You could probably get away with 350 good clean watts.  Antec, Thermaltake, Enermax, Foxtron, best bet a Antec True380 or True 430.

No over clocking, boy you are a wimp.  If done with knowledge and care there is not near as much risk as evryone assumes.

Give me the specs on what your'e going to use in your new system and I'll annoy you with my comments.

Rick G


----------



## kalen3285

Who knows, maybe I will overclock.  Most likely I'm not going to be doing this until summer anyway, so I might change my mind by then.  I just like to do my research early.  Anyway, here's the specs:

MSI Neo2-PFISR Motherboard (the one you recommended)
Either keep my 2.6 Ghz chip or buy a 2.88 Ghz with hyper threading
Kingston HyperX 512MB DDR500 memory
Samsung 120 GB SATA hard drive
ATI Radeon 9700 TX video card (came with my dell, works good enough for me)
Plextor 708-A DVD+/-RW drive
LITE-ON 48x CD burner

I think that's everything important.  If I forgot anything just tell me.  Thanks


----------



## Rick G

kalen3285 said:
			
		

> Who knows, maybe I will overclock.  Most likely I'm not going to be doing this until summer anyway, so I might change my mind by then.  I just like to do my research early.  Anyway, here's the specs:
> 
> MSI Neo2-PFISR Motherboard (the one you recommended)
> Either keep my 2.6 Ghz chip or buy a 2.88 Ghz with hyper threading
> Kingston HyperX 512MB DDR500 memory
> Samsung 120 GB SATA hard drive
> ATI Radeon 9700 TX video card (came with my dell, works good enough for me)
> Plextor 708-A DVD+/-RW drive
> LITE-ON 48x CD burner
> 
> I think that's everything important.  If I forgot anything just tell me.  Thanks




Why bother with the hyprthreading unless you are going to be opening a lot of apps at the same time? Keep your 2.6 and lightly overclock (no damage and easy) to 2.9 or even 3.0.  My 2.4 is at 3.0 and I have no Hyper-t.

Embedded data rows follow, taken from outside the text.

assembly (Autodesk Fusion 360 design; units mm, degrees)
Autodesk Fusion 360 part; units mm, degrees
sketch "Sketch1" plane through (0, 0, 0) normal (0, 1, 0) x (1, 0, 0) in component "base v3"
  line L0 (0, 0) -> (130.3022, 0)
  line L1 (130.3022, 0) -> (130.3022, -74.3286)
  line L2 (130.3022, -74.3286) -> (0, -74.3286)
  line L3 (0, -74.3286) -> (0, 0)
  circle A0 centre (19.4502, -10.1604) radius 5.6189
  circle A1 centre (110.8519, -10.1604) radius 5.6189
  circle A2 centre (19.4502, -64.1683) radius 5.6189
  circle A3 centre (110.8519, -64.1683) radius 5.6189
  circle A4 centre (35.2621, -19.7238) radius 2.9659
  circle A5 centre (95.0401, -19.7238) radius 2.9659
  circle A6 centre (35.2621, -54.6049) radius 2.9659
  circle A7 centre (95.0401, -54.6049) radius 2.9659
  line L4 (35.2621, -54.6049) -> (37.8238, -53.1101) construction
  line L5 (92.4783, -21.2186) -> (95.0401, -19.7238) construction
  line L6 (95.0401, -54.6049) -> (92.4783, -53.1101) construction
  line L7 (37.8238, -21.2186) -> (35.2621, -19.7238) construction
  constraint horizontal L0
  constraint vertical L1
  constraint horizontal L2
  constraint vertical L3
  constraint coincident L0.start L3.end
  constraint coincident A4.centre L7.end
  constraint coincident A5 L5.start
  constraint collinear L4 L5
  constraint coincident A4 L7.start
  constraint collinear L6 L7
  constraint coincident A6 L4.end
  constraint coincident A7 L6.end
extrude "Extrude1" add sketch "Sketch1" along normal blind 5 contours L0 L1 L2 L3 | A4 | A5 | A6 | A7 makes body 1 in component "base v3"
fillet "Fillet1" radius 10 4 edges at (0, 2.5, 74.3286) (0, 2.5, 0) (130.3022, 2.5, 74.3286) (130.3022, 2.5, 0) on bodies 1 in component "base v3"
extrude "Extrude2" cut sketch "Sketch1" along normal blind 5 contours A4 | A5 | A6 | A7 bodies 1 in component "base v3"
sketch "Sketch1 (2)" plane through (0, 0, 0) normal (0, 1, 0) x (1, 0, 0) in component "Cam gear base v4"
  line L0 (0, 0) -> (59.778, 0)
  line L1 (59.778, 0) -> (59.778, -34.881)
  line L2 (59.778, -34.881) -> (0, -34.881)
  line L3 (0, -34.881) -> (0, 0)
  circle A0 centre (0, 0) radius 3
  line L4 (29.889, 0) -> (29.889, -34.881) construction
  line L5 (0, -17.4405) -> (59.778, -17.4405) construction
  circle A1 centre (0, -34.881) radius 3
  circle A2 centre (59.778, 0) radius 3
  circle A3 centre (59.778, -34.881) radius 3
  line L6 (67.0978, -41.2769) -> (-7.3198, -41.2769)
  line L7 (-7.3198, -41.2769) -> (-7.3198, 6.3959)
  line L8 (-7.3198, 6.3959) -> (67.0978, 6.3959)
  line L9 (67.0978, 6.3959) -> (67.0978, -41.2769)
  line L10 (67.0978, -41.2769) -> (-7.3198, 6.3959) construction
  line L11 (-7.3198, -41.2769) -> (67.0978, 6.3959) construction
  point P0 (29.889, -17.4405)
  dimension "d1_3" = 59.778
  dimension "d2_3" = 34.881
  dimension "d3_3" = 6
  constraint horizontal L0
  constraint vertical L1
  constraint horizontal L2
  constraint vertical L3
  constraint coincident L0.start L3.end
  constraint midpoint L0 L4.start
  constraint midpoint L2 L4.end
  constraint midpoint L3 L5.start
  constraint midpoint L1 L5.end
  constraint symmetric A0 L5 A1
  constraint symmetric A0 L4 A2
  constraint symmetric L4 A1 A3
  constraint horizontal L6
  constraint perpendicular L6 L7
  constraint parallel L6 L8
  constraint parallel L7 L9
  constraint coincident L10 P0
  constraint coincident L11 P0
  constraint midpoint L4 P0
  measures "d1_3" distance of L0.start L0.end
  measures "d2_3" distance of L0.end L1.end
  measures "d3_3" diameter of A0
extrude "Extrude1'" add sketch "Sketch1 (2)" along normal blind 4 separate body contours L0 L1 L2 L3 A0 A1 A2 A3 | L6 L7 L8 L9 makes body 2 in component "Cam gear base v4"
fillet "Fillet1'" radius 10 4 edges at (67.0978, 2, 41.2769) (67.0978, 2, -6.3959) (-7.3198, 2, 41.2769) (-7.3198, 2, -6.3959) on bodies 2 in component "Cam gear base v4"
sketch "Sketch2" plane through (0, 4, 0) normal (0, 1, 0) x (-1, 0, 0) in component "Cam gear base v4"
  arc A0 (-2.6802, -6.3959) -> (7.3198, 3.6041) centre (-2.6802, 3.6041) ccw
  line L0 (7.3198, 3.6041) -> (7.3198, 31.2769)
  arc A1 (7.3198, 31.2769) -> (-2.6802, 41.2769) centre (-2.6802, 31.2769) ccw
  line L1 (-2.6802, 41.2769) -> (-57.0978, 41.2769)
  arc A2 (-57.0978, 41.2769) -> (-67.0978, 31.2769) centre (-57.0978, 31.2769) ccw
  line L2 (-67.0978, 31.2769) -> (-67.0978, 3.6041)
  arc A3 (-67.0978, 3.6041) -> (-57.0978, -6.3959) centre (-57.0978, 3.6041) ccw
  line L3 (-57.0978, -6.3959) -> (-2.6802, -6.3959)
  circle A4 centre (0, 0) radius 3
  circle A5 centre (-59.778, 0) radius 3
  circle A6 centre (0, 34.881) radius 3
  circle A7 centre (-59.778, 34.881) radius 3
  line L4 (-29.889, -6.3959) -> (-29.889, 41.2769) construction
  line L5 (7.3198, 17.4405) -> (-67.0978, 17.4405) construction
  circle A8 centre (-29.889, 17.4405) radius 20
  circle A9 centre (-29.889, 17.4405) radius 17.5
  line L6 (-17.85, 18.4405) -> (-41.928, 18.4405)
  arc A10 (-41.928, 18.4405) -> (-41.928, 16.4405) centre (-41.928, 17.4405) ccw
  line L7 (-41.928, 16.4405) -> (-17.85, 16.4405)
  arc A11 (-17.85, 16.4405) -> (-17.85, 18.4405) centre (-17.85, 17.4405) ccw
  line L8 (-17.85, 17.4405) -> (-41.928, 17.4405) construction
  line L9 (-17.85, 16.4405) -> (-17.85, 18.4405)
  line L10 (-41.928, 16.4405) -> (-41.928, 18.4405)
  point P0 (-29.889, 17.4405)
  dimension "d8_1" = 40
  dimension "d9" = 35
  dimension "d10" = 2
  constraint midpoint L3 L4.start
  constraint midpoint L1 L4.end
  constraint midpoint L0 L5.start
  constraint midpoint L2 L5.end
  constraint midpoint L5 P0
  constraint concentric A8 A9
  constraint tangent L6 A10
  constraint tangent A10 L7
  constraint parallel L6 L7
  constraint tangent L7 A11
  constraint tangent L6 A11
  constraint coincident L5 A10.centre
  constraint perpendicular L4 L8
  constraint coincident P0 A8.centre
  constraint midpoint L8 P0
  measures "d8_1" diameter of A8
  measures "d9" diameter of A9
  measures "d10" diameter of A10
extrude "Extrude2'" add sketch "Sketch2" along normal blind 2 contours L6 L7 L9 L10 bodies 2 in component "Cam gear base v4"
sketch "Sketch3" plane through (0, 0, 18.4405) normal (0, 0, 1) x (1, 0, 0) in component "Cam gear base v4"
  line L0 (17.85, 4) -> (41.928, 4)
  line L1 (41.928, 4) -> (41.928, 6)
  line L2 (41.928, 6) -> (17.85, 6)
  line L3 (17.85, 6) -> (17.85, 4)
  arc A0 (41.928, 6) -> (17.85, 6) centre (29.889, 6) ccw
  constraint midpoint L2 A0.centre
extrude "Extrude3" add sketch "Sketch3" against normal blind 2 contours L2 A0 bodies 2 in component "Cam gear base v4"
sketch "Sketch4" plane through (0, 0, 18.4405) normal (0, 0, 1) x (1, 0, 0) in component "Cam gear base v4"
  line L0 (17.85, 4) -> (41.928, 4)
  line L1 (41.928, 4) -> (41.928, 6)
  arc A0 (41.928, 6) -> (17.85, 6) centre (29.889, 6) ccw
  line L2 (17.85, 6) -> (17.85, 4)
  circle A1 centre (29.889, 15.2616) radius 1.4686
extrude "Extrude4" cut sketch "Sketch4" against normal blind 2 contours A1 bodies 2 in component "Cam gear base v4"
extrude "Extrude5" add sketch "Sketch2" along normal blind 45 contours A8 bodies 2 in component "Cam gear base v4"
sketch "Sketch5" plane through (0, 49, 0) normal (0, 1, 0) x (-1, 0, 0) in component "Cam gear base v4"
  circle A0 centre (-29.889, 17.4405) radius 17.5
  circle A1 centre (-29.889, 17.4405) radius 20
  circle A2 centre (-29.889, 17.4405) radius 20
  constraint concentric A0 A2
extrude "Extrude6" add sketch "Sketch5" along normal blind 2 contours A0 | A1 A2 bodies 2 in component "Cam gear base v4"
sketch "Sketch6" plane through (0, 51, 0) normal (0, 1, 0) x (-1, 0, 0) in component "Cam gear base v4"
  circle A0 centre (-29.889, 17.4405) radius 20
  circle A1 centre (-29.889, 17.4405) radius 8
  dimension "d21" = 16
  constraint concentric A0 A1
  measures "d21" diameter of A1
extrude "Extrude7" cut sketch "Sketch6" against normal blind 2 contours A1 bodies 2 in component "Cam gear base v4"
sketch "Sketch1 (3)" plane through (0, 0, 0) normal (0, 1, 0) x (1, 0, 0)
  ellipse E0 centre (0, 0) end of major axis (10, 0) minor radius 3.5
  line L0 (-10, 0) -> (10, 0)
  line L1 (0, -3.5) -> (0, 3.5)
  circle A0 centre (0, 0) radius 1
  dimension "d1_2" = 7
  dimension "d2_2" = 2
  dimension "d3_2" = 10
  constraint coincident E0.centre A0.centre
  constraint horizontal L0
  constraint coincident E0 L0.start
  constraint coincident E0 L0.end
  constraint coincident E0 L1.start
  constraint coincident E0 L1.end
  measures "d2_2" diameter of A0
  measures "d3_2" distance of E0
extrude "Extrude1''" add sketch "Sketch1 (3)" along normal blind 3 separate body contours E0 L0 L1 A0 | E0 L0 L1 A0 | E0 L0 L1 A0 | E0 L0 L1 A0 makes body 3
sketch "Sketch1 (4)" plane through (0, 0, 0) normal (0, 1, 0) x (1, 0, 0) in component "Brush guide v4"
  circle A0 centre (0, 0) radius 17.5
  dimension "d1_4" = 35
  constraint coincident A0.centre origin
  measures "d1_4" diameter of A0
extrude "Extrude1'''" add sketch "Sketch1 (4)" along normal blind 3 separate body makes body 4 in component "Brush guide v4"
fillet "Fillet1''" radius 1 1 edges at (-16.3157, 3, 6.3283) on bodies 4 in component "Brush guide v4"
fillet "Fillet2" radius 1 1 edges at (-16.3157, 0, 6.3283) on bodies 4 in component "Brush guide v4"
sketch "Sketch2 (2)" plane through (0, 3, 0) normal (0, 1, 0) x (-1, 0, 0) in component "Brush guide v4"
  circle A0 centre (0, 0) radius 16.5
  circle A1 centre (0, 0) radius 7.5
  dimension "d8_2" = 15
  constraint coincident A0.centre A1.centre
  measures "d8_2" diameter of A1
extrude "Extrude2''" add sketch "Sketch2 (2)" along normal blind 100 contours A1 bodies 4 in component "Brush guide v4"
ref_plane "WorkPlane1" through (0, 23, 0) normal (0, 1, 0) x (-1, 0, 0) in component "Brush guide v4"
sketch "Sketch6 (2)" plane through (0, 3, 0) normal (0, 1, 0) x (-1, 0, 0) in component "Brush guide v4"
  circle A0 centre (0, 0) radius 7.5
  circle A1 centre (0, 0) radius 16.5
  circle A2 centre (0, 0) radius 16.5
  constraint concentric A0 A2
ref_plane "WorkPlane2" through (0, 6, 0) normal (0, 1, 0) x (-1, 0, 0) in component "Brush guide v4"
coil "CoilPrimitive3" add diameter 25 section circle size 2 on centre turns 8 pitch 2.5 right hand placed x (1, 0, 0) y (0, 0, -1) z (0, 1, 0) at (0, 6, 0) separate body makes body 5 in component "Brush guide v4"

Why a SATA, very expensive and not as good as Maxtor Rator. Did I mention very expensive? If your going to stick with your vid card no need for SATA and its speed. Did I mention very expensive?

What are you going to put it all in? Case and PSU are very important.  Most people figure any power supply with 300 watts will do the job, but nay not so.  Many PSU's are rated at Peak instead of sustained watts so be very carefull there.  Case is important to et good airflow to keep it all kool>  AND speaking of Kool, there are a lot of very nice cases out there, might as well put all tha pretty fancy stuff in a trick case.  Did you know that the MSI boards have a northbridge fan that is tri color leds?  Side window anyone?


----------



## kalen3285

Okay, I'll stick with my 2.6 Ghz chip.  And the Raptor does look nice, but, since I'll be video editing I need a lot space and (at least at new egg) I'll be paying $120 for about half if not less of the space I'll need.  And also according to new egg the Raptor is a SATA drive.  And also too it is listed at new egg as a Western Digital Raptor.  So if I'm looking at the wrong hard drive or something point me in the right direction.

Anyway, it looks the case with be the Chenbro X-Rider (from Xoxide).  The PSU will either be the Antec True380 or True430.  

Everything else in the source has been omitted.